● PROBLEM TO WORK ON: Print the lines in the listing below that fall between the line with "0 10303 214" and the line with "#9=PRODUCT_DEFINITION_SHAPE('','',#8);", those two lines included, exactly as they stand and with nothing else.

● DATA TO EXAMINE:
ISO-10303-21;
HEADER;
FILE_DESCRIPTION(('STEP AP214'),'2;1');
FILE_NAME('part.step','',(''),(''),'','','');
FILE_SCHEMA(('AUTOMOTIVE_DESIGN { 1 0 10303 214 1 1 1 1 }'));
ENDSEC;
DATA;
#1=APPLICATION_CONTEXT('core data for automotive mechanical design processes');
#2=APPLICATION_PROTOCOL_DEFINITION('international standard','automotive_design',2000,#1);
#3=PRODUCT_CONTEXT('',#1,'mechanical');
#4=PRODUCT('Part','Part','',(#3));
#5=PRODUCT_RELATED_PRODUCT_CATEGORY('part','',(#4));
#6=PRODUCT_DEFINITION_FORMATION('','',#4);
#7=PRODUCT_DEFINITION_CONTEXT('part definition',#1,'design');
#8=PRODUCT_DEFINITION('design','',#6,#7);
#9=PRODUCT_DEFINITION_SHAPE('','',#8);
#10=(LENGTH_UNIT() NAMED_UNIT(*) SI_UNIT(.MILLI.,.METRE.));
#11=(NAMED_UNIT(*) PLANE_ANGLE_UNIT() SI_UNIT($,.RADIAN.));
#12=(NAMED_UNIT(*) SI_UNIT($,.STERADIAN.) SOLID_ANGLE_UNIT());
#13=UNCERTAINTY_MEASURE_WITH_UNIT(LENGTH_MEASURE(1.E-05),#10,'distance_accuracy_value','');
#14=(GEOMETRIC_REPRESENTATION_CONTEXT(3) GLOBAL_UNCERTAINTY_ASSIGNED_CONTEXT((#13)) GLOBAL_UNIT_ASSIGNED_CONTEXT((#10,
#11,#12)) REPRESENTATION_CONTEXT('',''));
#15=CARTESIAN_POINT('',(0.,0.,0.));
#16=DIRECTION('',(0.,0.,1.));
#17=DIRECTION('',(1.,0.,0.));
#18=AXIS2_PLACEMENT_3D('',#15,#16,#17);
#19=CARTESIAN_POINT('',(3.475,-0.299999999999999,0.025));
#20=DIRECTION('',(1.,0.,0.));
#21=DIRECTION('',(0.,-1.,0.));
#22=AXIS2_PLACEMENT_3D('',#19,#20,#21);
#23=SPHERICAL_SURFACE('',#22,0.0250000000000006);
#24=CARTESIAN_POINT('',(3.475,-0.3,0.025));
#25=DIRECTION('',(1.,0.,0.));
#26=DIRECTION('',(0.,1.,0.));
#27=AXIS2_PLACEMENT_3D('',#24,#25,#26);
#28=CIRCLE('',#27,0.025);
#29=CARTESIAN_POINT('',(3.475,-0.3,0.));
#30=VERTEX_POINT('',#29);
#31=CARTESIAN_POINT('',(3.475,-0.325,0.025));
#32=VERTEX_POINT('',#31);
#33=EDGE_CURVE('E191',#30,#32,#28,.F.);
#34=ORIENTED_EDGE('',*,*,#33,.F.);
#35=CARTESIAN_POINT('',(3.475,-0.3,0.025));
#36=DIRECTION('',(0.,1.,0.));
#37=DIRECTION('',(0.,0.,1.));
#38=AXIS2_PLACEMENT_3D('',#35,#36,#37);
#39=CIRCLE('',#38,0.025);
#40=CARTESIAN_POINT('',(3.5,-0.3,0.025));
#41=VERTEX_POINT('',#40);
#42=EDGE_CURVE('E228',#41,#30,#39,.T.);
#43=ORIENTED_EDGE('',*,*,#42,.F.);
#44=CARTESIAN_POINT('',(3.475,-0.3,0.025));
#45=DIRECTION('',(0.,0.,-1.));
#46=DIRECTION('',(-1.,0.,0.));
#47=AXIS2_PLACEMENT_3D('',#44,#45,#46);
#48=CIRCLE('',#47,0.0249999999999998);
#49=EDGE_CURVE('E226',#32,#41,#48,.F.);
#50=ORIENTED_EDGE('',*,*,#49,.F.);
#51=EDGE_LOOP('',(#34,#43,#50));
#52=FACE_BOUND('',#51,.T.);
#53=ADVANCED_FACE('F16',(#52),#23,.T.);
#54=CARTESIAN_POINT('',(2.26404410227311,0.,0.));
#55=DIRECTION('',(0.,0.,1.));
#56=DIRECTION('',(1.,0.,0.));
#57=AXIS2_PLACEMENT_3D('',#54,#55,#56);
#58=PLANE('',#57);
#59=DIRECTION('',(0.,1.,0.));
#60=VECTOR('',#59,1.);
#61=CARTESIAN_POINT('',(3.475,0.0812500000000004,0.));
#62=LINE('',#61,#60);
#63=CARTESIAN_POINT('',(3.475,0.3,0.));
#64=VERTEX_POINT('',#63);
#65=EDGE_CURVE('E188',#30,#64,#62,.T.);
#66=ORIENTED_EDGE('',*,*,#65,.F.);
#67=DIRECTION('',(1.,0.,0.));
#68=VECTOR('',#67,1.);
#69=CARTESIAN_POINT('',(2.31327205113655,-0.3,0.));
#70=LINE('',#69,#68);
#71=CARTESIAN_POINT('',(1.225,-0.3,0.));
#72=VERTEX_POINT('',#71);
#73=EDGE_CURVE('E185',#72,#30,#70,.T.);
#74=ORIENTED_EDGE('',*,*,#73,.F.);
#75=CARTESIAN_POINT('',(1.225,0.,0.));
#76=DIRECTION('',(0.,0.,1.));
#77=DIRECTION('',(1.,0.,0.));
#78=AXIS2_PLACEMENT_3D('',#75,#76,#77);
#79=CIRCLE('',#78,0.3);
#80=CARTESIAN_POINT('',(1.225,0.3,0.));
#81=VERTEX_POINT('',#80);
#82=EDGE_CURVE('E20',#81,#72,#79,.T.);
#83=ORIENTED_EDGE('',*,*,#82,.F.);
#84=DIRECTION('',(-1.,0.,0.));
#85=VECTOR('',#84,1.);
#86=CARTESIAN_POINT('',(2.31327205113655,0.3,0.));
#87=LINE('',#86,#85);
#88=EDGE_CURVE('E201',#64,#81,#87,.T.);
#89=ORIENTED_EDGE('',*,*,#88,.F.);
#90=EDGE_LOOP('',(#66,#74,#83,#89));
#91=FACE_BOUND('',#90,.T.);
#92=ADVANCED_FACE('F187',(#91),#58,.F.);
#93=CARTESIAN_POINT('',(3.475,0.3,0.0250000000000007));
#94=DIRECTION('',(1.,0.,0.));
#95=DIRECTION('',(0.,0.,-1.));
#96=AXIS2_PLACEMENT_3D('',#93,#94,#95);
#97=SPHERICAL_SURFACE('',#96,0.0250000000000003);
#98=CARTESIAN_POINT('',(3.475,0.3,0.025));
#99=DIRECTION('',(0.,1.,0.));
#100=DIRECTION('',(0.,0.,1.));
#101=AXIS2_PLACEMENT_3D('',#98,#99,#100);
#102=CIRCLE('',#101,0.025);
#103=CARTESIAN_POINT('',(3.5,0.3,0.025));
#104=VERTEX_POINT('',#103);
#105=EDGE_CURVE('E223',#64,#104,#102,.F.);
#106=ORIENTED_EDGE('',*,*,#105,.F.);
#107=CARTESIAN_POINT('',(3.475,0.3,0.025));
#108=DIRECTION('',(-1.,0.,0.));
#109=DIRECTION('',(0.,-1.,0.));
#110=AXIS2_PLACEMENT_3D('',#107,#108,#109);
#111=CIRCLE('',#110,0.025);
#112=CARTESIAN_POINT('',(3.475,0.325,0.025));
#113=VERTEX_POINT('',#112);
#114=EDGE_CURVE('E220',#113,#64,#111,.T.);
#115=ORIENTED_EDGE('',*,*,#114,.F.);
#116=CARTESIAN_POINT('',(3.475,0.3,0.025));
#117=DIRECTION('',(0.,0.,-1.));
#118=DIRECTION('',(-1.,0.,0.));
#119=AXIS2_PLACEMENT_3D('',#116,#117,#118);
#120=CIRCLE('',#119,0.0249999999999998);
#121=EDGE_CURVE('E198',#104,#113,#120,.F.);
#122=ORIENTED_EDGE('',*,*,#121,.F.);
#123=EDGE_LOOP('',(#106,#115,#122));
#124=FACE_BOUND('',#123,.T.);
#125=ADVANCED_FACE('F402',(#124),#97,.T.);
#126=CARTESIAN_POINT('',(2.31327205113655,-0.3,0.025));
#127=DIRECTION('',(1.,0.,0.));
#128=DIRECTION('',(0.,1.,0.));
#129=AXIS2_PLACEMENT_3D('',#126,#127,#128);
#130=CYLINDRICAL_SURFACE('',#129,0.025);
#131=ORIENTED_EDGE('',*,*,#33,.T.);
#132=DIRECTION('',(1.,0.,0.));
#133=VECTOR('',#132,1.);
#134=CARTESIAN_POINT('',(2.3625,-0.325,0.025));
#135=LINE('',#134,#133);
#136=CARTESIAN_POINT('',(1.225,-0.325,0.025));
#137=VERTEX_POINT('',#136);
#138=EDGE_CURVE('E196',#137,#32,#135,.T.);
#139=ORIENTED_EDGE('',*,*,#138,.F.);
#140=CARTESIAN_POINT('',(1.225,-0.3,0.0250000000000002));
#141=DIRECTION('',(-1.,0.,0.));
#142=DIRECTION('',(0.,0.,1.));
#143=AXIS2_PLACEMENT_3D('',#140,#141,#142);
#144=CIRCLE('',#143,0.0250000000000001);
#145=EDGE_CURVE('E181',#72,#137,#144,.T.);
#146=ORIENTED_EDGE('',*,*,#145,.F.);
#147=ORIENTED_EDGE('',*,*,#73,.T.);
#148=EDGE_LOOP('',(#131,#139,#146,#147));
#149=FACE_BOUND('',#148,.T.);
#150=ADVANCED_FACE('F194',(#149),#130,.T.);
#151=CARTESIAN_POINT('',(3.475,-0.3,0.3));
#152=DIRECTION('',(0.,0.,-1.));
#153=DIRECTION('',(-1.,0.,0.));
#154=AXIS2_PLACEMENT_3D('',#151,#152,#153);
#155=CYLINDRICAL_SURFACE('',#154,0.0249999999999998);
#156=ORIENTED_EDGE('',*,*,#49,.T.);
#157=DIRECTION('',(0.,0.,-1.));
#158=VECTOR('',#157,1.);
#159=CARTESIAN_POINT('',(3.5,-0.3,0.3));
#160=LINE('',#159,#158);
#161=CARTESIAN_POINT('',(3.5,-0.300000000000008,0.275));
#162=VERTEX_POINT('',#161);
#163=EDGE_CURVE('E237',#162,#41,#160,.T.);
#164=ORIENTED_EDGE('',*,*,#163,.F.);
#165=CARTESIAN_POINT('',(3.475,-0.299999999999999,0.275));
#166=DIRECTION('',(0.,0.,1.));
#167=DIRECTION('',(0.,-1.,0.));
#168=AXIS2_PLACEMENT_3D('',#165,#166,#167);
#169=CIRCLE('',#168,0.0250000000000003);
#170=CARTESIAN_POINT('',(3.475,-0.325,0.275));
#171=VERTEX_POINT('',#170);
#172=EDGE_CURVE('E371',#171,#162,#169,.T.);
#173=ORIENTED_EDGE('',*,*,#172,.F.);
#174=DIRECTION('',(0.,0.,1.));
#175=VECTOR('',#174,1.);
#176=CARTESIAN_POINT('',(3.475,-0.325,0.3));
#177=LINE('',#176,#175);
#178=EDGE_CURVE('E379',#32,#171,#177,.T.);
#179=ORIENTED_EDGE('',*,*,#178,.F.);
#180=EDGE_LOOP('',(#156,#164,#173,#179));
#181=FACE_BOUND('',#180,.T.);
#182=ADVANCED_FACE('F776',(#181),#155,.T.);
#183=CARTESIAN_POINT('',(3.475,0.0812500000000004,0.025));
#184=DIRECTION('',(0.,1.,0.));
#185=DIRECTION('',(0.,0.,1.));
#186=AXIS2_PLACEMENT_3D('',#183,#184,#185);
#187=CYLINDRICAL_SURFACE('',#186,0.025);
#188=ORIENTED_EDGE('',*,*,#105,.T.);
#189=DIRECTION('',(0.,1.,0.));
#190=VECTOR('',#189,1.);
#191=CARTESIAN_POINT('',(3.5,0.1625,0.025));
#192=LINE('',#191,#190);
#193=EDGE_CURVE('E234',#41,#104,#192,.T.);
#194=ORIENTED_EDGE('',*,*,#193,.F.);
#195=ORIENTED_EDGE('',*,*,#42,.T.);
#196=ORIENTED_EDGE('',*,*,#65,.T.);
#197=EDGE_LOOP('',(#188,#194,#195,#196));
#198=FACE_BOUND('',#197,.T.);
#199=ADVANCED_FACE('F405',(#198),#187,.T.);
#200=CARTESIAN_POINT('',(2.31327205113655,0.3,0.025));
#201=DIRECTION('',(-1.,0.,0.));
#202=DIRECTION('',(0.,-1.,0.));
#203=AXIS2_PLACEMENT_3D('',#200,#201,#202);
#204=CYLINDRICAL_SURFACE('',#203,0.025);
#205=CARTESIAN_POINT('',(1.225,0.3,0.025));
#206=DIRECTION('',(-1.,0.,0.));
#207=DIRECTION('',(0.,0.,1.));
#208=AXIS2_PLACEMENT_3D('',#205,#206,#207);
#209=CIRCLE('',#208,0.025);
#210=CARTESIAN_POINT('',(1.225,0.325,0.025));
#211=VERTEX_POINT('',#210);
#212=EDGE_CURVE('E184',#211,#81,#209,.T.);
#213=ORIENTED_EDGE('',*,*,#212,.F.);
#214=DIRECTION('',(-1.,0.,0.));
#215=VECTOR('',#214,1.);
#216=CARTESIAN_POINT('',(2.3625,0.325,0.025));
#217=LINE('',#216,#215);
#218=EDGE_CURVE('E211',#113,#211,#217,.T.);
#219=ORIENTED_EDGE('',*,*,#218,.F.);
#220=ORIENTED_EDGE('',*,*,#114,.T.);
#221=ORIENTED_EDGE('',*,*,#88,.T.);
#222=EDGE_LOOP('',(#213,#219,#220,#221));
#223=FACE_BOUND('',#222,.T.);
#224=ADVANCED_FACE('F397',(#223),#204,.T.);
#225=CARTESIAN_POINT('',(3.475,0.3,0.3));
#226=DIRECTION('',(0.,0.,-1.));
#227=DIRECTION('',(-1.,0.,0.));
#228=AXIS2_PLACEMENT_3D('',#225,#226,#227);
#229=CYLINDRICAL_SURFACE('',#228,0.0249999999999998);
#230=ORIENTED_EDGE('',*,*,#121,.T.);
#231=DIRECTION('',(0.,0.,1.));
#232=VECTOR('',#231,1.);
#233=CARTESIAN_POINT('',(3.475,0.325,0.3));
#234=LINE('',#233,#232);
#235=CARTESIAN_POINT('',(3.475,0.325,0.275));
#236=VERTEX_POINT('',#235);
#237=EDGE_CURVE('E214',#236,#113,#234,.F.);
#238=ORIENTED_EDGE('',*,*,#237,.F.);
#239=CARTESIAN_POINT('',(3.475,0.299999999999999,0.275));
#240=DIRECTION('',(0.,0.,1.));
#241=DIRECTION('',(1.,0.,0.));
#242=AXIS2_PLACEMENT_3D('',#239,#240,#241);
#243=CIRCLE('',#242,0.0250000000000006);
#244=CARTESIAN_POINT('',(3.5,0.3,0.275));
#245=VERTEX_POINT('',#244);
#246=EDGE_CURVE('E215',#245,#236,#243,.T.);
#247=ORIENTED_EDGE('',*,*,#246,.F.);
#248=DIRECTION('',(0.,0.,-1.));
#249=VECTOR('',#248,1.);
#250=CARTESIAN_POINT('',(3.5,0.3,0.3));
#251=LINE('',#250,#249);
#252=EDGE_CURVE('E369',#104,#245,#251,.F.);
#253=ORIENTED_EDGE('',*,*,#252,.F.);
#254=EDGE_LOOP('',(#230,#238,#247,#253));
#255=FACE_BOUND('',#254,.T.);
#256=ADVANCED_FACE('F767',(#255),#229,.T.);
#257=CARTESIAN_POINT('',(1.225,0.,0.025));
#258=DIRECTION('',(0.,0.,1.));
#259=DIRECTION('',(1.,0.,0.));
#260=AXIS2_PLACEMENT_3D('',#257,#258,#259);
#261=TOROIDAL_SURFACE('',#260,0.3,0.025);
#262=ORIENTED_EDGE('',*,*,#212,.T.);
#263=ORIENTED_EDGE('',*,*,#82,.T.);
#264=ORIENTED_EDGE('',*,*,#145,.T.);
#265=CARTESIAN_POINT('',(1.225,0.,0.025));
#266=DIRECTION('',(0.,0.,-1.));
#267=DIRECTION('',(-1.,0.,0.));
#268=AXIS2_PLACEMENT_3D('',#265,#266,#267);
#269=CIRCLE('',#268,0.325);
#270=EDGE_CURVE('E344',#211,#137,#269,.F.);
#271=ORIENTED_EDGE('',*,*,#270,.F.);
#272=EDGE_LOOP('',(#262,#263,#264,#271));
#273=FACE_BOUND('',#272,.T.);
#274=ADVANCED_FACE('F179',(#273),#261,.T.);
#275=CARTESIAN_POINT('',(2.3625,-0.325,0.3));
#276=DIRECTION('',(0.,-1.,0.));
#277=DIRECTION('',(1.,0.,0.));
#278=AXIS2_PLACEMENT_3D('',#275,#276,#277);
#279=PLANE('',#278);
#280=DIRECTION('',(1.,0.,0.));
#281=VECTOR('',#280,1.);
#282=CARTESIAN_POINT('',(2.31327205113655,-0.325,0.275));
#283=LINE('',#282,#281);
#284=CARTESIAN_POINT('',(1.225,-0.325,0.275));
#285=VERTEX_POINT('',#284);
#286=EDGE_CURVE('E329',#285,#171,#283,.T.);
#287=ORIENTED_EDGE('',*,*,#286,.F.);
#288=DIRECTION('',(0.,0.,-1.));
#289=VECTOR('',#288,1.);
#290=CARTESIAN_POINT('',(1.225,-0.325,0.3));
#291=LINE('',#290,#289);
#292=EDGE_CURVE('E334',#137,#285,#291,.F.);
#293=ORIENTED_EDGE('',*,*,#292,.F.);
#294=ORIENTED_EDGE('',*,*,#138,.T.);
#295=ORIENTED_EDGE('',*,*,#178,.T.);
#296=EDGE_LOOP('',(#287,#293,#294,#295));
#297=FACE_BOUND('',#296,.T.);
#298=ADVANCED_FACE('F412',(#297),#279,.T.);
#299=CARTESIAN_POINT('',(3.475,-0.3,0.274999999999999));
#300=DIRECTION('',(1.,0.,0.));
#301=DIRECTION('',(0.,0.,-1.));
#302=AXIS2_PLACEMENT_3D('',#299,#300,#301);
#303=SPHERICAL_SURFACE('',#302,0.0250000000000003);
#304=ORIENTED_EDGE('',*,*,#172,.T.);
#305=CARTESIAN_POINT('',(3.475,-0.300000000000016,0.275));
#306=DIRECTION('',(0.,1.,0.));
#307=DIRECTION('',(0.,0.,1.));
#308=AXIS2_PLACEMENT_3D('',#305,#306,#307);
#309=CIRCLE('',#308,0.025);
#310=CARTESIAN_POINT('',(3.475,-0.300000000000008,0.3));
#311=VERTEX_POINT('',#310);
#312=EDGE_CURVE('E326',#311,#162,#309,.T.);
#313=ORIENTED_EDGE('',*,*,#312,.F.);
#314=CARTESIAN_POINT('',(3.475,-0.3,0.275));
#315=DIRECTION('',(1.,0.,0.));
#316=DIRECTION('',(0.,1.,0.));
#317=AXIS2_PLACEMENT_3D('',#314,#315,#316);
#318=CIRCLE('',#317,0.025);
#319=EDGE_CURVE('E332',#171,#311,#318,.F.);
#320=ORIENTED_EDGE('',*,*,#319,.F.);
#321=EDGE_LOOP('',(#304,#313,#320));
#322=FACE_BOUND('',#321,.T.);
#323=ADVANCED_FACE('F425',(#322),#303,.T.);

● EXERCISE RESULT:
FILE_SCHEMA(('AUTOMOTIVE_DESIGN { 1 0 10303 214 1 1 1 1 }'));
ENDSEC;
DATA;
#1=APPLICATION_CONTEXT('core data for automotive mechanical design processes');
#2=APPLICATION_PROTOCOL_DEFINITION('international standard','automotive_design',2000,#1);
#3=PRODUCT_CONTEXT('',#1,'mechanical');
#4=PRODUCT('Part','Part','',(#3));
#5=PRODUCT_RELATED_PRODUCT_CATEGORY('part','',(#4));
#6=PRODUCT_DEFINITION_FORMATION('','',#4);
#7=PRODUCT_DEFINITION_CONTEXT('part definition',#1,'design');
#8=PRODUCT_DEFINITION('design','',#6,#7);
#9=PRODUCT_DEFINITION_SHAPE('','',#8);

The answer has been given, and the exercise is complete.